[Opening Recorded information section]

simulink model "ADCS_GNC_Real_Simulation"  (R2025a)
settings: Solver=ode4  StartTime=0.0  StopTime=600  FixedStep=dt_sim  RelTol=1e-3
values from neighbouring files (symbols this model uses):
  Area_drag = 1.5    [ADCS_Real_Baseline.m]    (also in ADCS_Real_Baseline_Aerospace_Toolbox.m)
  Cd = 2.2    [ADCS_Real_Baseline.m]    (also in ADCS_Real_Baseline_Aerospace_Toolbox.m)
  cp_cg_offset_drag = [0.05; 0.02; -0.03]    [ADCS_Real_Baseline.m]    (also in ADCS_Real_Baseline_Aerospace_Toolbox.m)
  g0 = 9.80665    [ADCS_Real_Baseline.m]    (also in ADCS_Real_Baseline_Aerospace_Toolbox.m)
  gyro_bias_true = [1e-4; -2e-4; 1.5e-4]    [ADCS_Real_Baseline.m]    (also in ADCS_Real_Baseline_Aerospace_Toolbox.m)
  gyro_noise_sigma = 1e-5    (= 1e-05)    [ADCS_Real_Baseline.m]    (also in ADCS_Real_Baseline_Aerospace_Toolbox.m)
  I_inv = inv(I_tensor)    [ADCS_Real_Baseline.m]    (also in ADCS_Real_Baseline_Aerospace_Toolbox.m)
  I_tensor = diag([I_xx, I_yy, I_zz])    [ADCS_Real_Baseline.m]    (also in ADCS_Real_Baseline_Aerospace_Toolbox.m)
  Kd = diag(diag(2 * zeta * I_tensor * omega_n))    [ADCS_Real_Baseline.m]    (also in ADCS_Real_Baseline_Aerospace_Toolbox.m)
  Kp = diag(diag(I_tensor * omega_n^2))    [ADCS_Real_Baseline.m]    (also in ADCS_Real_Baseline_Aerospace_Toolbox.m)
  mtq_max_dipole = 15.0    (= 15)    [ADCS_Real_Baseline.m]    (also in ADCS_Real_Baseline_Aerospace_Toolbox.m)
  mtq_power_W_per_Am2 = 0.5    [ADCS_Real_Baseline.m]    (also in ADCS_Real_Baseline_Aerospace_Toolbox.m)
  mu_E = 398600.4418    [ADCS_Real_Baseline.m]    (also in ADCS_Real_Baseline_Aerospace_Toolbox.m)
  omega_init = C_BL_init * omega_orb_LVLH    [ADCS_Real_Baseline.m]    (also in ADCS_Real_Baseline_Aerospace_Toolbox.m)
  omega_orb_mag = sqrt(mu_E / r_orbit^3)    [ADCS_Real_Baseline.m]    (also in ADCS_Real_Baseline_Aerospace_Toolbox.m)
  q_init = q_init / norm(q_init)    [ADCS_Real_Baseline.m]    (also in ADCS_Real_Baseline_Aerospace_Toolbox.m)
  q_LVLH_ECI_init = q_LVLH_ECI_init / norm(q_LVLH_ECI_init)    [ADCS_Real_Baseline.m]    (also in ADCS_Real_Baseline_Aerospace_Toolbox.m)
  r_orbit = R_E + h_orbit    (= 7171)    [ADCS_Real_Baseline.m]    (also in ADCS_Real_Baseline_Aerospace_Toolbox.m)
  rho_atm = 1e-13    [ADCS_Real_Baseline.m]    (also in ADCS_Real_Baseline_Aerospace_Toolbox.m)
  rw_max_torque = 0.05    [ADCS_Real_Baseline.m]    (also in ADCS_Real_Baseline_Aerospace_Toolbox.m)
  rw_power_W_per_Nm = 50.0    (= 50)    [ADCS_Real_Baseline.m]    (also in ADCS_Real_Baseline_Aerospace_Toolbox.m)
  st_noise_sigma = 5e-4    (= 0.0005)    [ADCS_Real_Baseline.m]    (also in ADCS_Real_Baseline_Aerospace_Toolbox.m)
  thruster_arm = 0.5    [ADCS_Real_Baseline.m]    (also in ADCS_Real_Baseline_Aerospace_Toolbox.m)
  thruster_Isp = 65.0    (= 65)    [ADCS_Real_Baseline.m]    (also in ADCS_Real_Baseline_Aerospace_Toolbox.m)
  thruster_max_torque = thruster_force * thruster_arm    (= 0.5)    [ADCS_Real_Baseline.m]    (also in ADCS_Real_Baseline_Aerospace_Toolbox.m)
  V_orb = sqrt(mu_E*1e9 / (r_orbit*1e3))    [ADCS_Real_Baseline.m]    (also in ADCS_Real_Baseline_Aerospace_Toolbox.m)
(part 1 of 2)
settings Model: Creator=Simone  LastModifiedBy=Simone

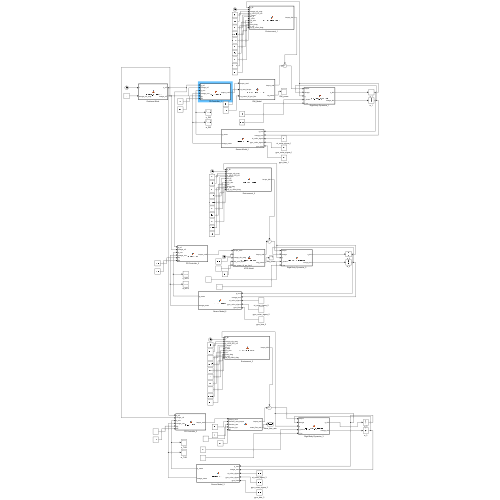
[thumbnail: Simulink's stored preview of the top-level diagram]
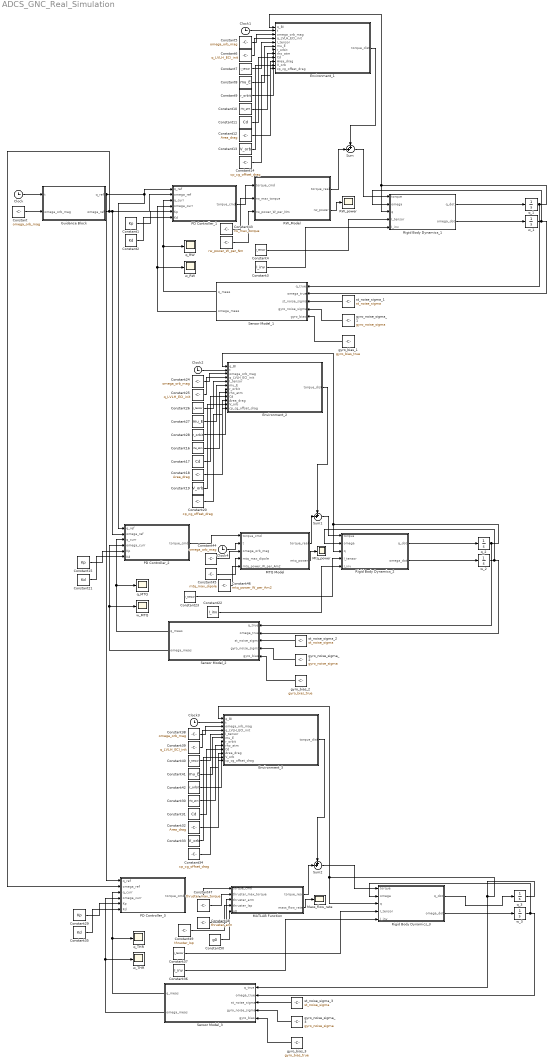
== system ADCS_GNC_Real_Simulation ==
  "                   " : Constant  Value=rw_power_W_per_Nm
  Clock{,1..4} (5 alike) : Clock
  Constant{,5,24,38,44} (5 alike) : Constant  Value=omega_orb_mag
  Constant1 : Constant  Value=Kp
  Constant10 : Constant  Value=rho_atm
  Constant11 : Constant  Value=Cd
  Constant12 : Constant  Value=Area_drag
  Constant13 : Constant  Value=V_orb
  Constant14 : Constant  Value=cp_cg_offset_drag
  Constant15 : Constant  Value=Kp
  Constant16 : Constant  Value=rho_atm
  Constant17 : Constant  Value=Cd
  Constant18 : Constant  Value=Area_drag
  Constant19 : Constant  Value=V_orb
  Constant2 : Constant  Value=Kd
  Constant20 : Constant  Value=cp_cg_offset_drag
  Constant21 : Constant  Value=Kd
  Constant22 : Constant  Value=I_inv
  Constant{4,7,23,26,37,40} (6 alike) : Constant  Value=I_tensor
  Constant25 : Constant  Value=q_LVLH_ECI_init
  Constant27 : Constant  Value=mu_E
  Constant28 : Constant  Value=r_orbit
  Constant29 : Constant  Value=Kp
  Constant3 : Constant  Value=I_inv
  Constant30 : Constant  Value=rho_atm
  Constant31 : Constant  Value=Cd
  Constant32 : Constant  Value=Area_drag
  Constant33 : Constant  Value=V_orb
  Constant34 : Constant  Value=cp_cg_offset_drag
  Constant35 : Constant  Value=Kd
  Constant36 : Constant  Value=I_inv
  Constant39 : Constant  Value=q_LVLH_ECI_init
  Constant41 : Constant  Value=mu_E
  Constant42 : Constant  Value=r_orbit
  Constant43 : Constant  Value=rw_max_torque
  Constant45 : Constant  Value=mtq_max_dipole
  Constant46 : Constant  Value=mtq_power_W_per_Am2
  Constant47 : Constant  Value=thruster_max_torque
  Constant48 : Constant  Value=thruster_arm
  Constant49 : Constant  Value=thruster_Isp
  Constant50 : Constant  Value=g0
  Constant6 : Constant  Value=q_LVLH_ECI_init
  Constant8 : Constant  Value=mu_E
  Constant9 : Constant  Value=r_orbit
  Environment_1 : MATLAB Function  TreatAsAtomicUnit=on
  Environment_2 : MATLAB Function  TreatAsAtomicUnit=on
  Environment_3 : MATLAB Function  TreatAsAtomicUnit=on
  Guidance Block : MATLAB Function  TreatAsAtomicUnit=on
  MATLAB Function : MATLAB Function  TreatAsAtomicUnit=on
  MTQ Model : MATLAB Function  TreatAsAtomicUnit=on
  Mass_flow_rate : Scope
      settings: ActiveDisplayYMinimum=-1  ActiveDisplayYMaximum=1  DataLoggingVariableName=out_mass_THR
  Mtq_power : Scope
      settings: ActiveDisplayYMinimum=-2.7921062281111855  ActiveDisplayYMaximum=25.310234025345686  DataLoggingVariableName=out_pwr_MTQ
  PD Controller_1 : MATLAB Function  TreatAsAtomicUnit=on
  PD Controller_2 : MATLAB Function  TreatAsAtomicUnit=on
  PD Controller_3 : MATLAB Function  TreatAsAtomicUnit=on
  RW_Model : MATLAB Function  TreatAsAtomicUnit=on
  RW_power : Scope
      settings: ActiveDisplayYMinimum=-0.049707954555951867  ActiveDisplayYMaximum=0.450202323670987  DataLoggingVariableName=out_pwr_RW
  Rigid Body Dynamics_1 : MATLAB Function  TreatAsAtomicUnit=on
  Rigid Body Dynamics_2 : MATLAB Function  TreatAsAtomicUnit=on
  Rigid Body Dynamics_3 : MATLAB Function  TreatAsAtomicUnit=on
  Sensor Model_1 : MATLAB Function  TreatAsAtomicUnit=on
  Sensor Model_2 : MATLAB Function  TreatAsAtomicUnit=on
  Sensor Model_3 : MATLAB Function  TreatAsAtomicUnit=on
  Sum : Sum  Inputs=++|
  Sum1 : Sum  Inputs=++|
  Sum2 : Sum  Inputs=++|
  gyro_bias_1 : Constant  Value=gyro_bias_true
  gyro_bias_2 : Constant  Value=gyro_bias_true
  gyro_bias_3 : Constant  Value=gyro_bias_true
  gyro_noise_sigma_1 : Constant  Value=gyro_noise_sigma
  gyro_noise_sigma_2 : Constant  Value=gyro_noise_sigma
  gyro_noise_sigma_3 : Constant  Value=gyro_noise_sigma
  q_1 : Integrator  InitialCondition=q_init
  q_2 : Integrator  InitialCondition=q_init
  q_3 : Integrator  InitialCondition=q_init
  q_MTQ : Scope
      settings: ActiveDisplayYMinimum=-0.90748752477080563  ActiveDisplayYMaximum=0.91859704888515026  DataLoggingVariableName=out_q_MTQ
  q_RW : Scope
      settings: ActiveDisplayYMinimum=-0.90748752477080563  ActiveDisplayYMaximum=0.91859704888515026  DataLoggingVariableName=out_q_RW
  q_THR : Scope
      settings: ActiveDisplayYMinimum=-0.90748752477080563  ActiveDisplayYMaximum=0.91859704888515026  DataLoggingVariableName=out_q_THR
  st_noise_sigma_1 : Constant  Value=st_noise_sigma
  st_noise_sigma_2 : Constant  Value=st_noise_sigma
  st_noise_sigma_3 : Constant  Value=st_noise_sigma
  w_1 : Integrator  InitialCondition=omega_init
  w_2 : Integrator  InitialCondition=omega_init
  w_3 : Integrator  InitialCondition=omega_init
  w_MTQ : Scope
      settings: ActiveDisplayYMinimum=-0.0048755943780988114  ActiveDisplayYMaximum=0.014930088485496639  DataLoggingVariableName=out_w_MTQ
  w_RW : Scope
      settings: ActiveDisplayYMinimum=-0.0048755943780988114  ActiveDisplayYMaximum=0.014930088485496639  DataLoggingVariableName=out_w_RW
  w_THR : Scope
      settings: ActiveDisplayYMinimum=-0.0048755943780988114  ActiveDisplayYMaximum=0.014930088485496639  DataLoggingVariableName=out_w_THR
  wires:
  Rigid Body Dynamics_1/1(q_dot) -> q_1/1
  Rigid Body Dynamics_1/2(omega_dot) -> w_1/1
  Clock/1 -> Guidance Block/1(t)
  Constant/1 -> Guidance Block/2(omega_orb_mag)
  Constant1/1 -> PD Controller_1/5(Kp)
  Constant2/1 -> PD Controller_1/6(Kd)
  Constant4/1 -> Rigid Body Dynamics_1/4(I_tensor)
  Constant3/1 -> Rigid Body Dynamics_1/5(I_inv)
  q_1/1 -> Rigid Body Dynamics_1/3(q), Environment_1/1(q_BI), Sensor Model_1/1(q_true)
  w_1/1 -> Rigid Body Dynamics_1/2(omega), Sensor Model_1/2(omega_true)
  st_noise_sigma_1/1 -> Sensor Model_1/3(st_noise_sigma)
  gyro_noise_sigma_1/1 -> Sensor Model_1/4(gyro_noise_sigma)
  gyro_bias_1/1 -> Sensor Model_1/5(gyro_bias)
  Sensor Model_1/1(q_meas) -> PD Controller_1/3(q_curr), q_RW/1
  Sensor Model_1/2(omega_meas) -> PD Controller_1/4(omega_curr), w_RW/1
  Clock1/1 -> Environment_1/2(t)
  Constant5/1 -> Environment_1/3(omega_orb_mag)
  Constant6/1 -> Environment_1/4(q_LVLH_ECI_init)
  Constant7/1 -> Environment_1/5(I_tensor)
  Constant8/1 -> Environment_1/6(mu_E)
  Constant9/1 -> Environment_1/7(r_orbit)
  Constant10/1 -> Environment_1/8(rho_atm)
  Constant11/1 -> Environment_1/9(Cd)
  Constant12/1 -> Environment_1/10(Area_drag)
  Constant13/1 -> Environment_1/11(V_orb)
  Constant14/1 -> Environment_1/12(cp_cg_offset_drag)
  Environment_1/1(torque_dist) -> Sum/1
  gyro_noise_sigma_2/1 -> Sensor Model_2/4(gyro_noise_sigma)
  st_noise_sigma_2/1 -> Sensor Model_2/3(st_noise_sigma)
  Sensor Model_2/1(q_meas) -> PD Controller_2/3(q_curr), q_MTQ/1
  Constant17/1 -> Environment_2/9(Cd)
  Constant20/1 -> Environment_2/12(cp_cg_offset_drag)
  Constant27/1 -> Environment_2/6(mu_E)
  Constant19/1 -> Environment_2/11(V_orb)
  Constant18/1 -> Environment_2/10(Area_drag)
  Constant26/1 -> Environment_2/5(I_tensor)
  Constant25/1 -> Environment_2/4(q_LVLH_ECI_init)
  gyro_bias_2/1 -> Sensor Model_2/5(gyro_bias)
  q_2/1 -> Rigid Body Dynamics_2/3(q), Environment_2/1(q_BI), Sensor Model_2/1(q_true)
  w_2/1 -> Rigid Body Dynamics_2/2(omega), Sensor Model_2/2(omega_true)
  Constant24/1 -> Environment_2/3(omega_orb_mag)
  Clock2/1 -> Environment_2/2(t)
  Constant23/1 -> Rigid Body Dynamics_2/4(I_tensor)
  Rigid Body Dynamics_2/1(q_dot) -> q_2/1
  Sensor Model_2/2(omega_meas) -> PD Controller_2/4(omega_curr), w_MTQ/1
  Constant16/1 -> Environment_2/8(rho_atm)
  Environment_2/1(torque_dist) -> Sum1/1
  Rigid Body Dynamics_2/2(omega_dot) -> w_2/1
  Constant15/1 -> PD Controller_2/5(Kp)
  Constant22/1 -> Rigid Body Dynamics_2/5(I_inv)
  Constant21/1 -> PD Controller_2/6(Kd)
  Constant28/1 -> Environment_2/7(r_orbit)
  gyro_noise_sigma_3/1 -> Sensor Model_3/4(gyro_noise_sigma)
  st_noise_sigma_3/1 -> Sensor Model_3/3(st_noise_sigma)
  Sensor Model_3/1(q_meas) -> PD Controller_3/3(q_curr), q_THR/1
  Constant31/1 -> Environment_3/9(Cd)
  Constant34/1 -> Environment_3/12(cp_cg_offset_drag)
  Constant41/1 -> Environment_3/6(mu_E)
  Constant33/1 -> Environment_3/11(V_orb)
  Constant32/1 -> Environment_3/10(Area_drag)
  Constant40/1 -> Environment_3/5(I_tensor)
  Constant39/1 -> Environment_3/4(q_LVLH_ECI_init)
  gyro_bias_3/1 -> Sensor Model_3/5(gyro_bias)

[Closing Recorded information section]

Exercise goal
Across the data above, how many lines contain the string "Inputs"? Reply with the number and nothing else.

Exercise solution
3